- [Input for this task]:
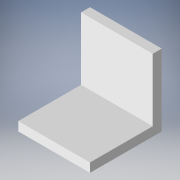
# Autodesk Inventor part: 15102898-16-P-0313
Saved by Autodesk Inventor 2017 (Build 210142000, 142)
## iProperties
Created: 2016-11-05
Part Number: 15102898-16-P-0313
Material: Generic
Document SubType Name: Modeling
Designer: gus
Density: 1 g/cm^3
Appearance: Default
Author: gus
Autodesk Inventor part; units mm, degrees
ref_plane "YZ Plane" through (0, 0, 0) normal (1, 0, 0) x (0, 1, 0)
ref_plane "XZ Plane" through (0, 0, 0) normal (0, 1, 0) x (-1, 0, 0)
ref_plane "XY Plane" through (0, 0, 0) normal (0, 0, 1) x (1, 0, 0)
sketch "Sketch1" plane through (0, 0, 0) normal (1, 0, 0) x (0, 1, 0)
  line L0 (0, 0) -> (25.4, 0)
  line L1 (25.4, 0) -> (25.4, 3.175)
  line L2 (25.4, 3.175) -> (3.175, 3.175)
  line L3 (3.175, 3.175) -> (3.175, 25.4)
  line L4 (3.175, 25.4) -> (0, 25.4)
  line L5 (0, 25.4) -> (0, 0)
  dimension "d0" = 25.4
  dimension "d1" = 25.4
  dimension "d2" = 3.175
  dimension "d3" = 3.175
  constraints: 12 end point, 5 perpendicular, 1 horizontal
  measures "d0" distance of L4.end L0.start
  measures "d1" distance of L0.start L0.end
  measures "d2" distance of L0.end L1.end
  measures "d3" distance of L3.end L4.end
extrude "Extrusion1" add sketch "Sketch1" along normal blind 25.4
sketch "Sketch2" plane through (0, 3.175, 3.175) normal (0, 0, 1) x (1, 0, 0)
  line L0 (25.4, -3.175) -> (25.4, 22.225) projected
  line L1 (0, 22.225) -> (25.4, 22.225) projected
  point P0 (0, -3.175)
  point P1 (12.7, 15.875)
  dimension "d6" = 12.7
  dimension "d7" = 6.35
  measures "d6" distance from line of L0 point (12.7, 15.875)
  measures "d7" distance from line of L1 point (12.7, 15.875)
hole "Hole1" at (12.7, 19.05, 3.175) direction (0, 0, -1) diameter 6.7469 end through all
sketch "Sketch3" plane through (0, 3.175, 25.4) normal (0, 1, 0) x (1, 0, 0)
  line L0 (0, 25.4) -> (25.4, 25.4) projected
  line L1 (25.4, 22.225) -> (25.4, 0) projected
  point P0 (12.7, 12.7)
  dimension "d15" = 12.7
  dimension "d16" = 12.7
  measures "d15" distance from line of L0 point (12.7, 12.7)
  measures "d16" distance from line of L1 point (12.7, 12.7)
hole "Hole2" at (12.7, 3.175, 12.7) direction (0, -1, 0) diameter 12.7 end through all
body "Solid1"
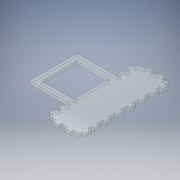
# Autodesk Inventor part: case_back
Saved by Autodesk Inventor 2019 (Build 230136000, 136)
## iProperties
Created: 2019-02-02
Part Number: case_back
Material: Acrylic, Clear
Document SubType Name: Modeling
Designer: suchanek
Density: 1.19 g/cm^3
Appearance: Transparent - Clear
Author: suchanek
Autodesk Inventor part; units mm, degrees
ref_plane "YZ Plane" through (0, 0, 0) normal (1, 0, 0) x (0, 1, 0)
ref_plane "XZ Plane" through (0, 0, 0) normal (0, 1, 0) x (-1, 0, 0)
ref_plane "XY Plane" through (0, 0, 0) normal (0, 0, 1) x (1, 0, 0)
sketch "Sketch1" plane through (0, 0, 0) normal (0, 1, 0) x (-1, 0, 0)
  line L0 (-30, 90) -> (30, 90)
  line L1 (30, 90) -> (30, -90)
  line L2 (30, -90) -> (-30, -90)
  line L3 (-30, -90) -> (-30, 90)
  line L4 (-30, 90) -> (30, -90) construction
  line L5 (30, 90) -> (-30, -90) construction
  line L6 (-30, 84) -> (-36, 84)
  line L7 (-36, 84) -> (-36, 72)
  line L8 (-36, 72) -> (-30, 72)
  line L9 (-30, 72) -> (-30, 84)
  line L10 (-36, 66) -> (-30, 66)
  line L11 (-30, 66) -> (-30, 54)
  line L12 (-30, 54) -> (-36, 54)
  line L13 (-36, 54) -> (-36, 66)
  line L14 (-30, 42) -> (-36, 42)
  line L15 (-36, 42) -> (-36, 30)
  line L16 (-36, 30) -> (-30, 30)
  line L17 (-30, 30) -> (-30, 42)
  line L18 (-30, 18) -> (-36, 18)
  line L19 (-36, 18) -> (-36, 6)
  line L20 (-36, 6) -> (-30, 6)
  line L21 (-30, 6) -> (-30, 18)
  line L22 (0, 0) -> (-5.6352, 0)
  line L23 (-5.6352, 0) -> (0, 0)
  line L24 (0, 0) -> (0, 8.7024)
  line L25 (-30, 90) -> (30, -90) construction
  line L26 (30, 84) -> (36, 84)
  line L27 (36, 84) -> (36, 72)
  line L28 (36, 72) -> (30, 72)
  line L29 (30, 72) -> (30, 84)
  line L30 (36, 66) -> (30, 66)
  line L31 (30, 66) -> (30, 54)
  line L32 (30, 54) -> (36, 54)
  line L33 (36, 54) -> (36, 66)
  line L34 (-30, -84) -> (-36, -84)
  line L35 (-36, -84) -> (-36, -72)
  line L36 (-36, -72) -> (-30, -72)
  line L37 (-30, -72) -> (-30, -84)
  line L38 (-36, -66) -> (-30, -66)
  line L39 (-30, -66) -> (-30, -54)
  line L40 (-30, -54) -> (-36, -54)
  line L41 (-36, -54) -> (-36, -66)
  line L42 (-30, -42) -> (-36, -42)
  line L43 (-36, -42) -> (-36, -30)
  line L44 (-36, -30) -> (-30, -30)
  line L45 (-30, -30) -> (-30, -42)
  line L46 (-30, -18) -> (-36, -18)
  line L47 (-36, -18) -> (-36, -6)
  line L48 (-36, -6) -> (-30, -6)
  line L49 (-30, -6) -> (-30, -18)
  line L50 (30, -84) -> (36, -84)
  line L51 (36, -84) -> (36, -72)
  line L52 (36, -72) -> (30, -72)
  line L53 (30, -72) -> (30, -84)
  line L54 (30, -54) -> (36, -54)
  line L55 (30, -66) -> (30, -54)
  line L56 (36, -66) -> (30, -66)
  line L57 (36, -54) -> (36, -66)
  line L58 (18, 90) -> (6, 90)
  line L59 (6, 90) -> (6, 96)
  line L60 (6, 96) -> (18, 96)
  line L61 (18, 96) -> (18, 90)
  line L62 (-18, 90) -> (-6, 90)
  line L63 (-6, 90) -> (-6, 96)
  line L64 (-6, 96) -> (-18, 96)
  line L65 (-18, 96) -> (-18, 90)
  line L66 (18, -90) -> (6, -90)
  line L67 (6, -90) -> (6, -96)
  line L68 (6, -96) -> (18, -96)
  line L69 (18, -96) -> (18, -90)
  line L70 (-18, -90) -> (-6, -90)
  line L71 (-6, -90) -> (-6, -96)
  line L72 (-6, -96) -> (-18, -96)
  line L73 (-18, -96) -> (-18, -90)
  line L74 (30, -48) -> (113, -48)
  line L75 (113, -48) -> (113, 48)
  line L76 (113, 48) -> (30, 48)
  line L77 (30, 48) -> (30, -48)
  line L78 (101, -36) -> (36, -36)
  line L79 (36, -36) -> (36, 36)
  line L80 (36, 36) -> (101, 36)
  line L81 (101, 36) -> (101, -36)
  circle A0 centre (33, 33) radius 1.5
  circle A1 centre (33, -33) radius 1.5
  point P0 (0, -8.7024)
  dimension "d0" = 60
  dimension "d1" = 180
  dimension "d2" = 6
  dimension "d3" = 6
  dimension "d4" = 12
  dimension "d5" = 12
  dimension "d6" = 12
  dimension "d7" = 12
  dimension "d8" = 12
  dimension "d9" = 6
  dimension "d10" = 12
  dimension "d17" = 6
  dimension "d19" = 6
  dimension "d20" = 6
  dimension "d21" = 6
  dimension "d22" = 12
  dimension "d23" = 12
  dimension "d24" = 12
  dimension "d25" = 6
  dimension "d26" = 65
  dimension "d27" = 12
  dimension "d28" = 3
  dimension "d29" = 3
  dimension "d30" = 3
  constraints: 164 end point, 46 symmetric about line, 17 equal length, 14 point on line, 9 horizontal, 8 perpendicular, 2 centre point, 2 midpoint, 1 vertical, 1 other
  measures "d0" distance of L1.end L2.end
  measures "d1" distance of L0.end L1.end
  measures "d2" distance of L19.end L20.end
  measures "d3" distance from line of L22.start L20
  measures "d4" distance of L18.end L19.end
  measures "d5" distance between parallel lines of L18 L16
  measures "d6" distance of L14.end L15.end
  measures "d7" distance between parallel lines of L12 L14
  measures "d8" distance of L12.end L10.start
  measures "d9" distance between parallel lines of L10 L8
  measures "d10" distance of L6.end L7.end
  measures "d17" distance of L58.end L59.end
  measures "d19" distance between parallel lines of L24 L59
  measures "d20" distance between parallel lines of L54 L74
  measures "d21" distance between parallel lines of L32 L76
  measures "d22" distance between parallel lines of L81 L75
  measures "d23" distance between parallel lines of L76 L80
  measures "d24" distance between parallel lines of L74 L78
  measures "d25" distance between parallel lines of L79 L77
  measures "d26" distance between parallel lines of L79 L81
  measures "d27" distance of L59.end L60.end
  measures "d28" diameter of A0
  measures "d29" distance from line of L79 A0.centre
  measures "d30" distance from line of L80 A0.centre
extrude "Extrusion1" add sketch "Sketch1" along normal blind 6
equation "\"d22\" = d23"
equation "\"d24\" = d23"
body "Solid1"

- [Exercise]: Using the listing above, return exactly, and only, the lines from the one that contains "of L58.end L59.end" through its last line, both included.

- [Result for this exercise]:
  measures "d17" distance of L58.end L59.end
  measures "d19" distance between parallel lines of L24 L59
  measures "d20" distance between parallel lines of L54 L74
  measures "d21" distance between parallel lines of L32 L76
  measures "d22" distance between parallel lines of L81 L75
  measures "d23" distance between parallel lines of L76 L80
  measures "d24" distance between parallel lines of L74 L78
  measures "d25" distance between parallel lines of L79 L77
  measures "d26" distance between parallel lines of L79 L81
  measures "d27" distance of L59.end L60.end
  measures "d28" diameter of A0
  measures "d29" distance from line of L79 A0.centre
  measures "d30" distance from line of L80 A0.centre
extrude "Extrusion1" add sketch "Sketch1" along normal blind 6
equation "\"d22\" = d23"
equation "\"d24\" = d23"
body "Solid1"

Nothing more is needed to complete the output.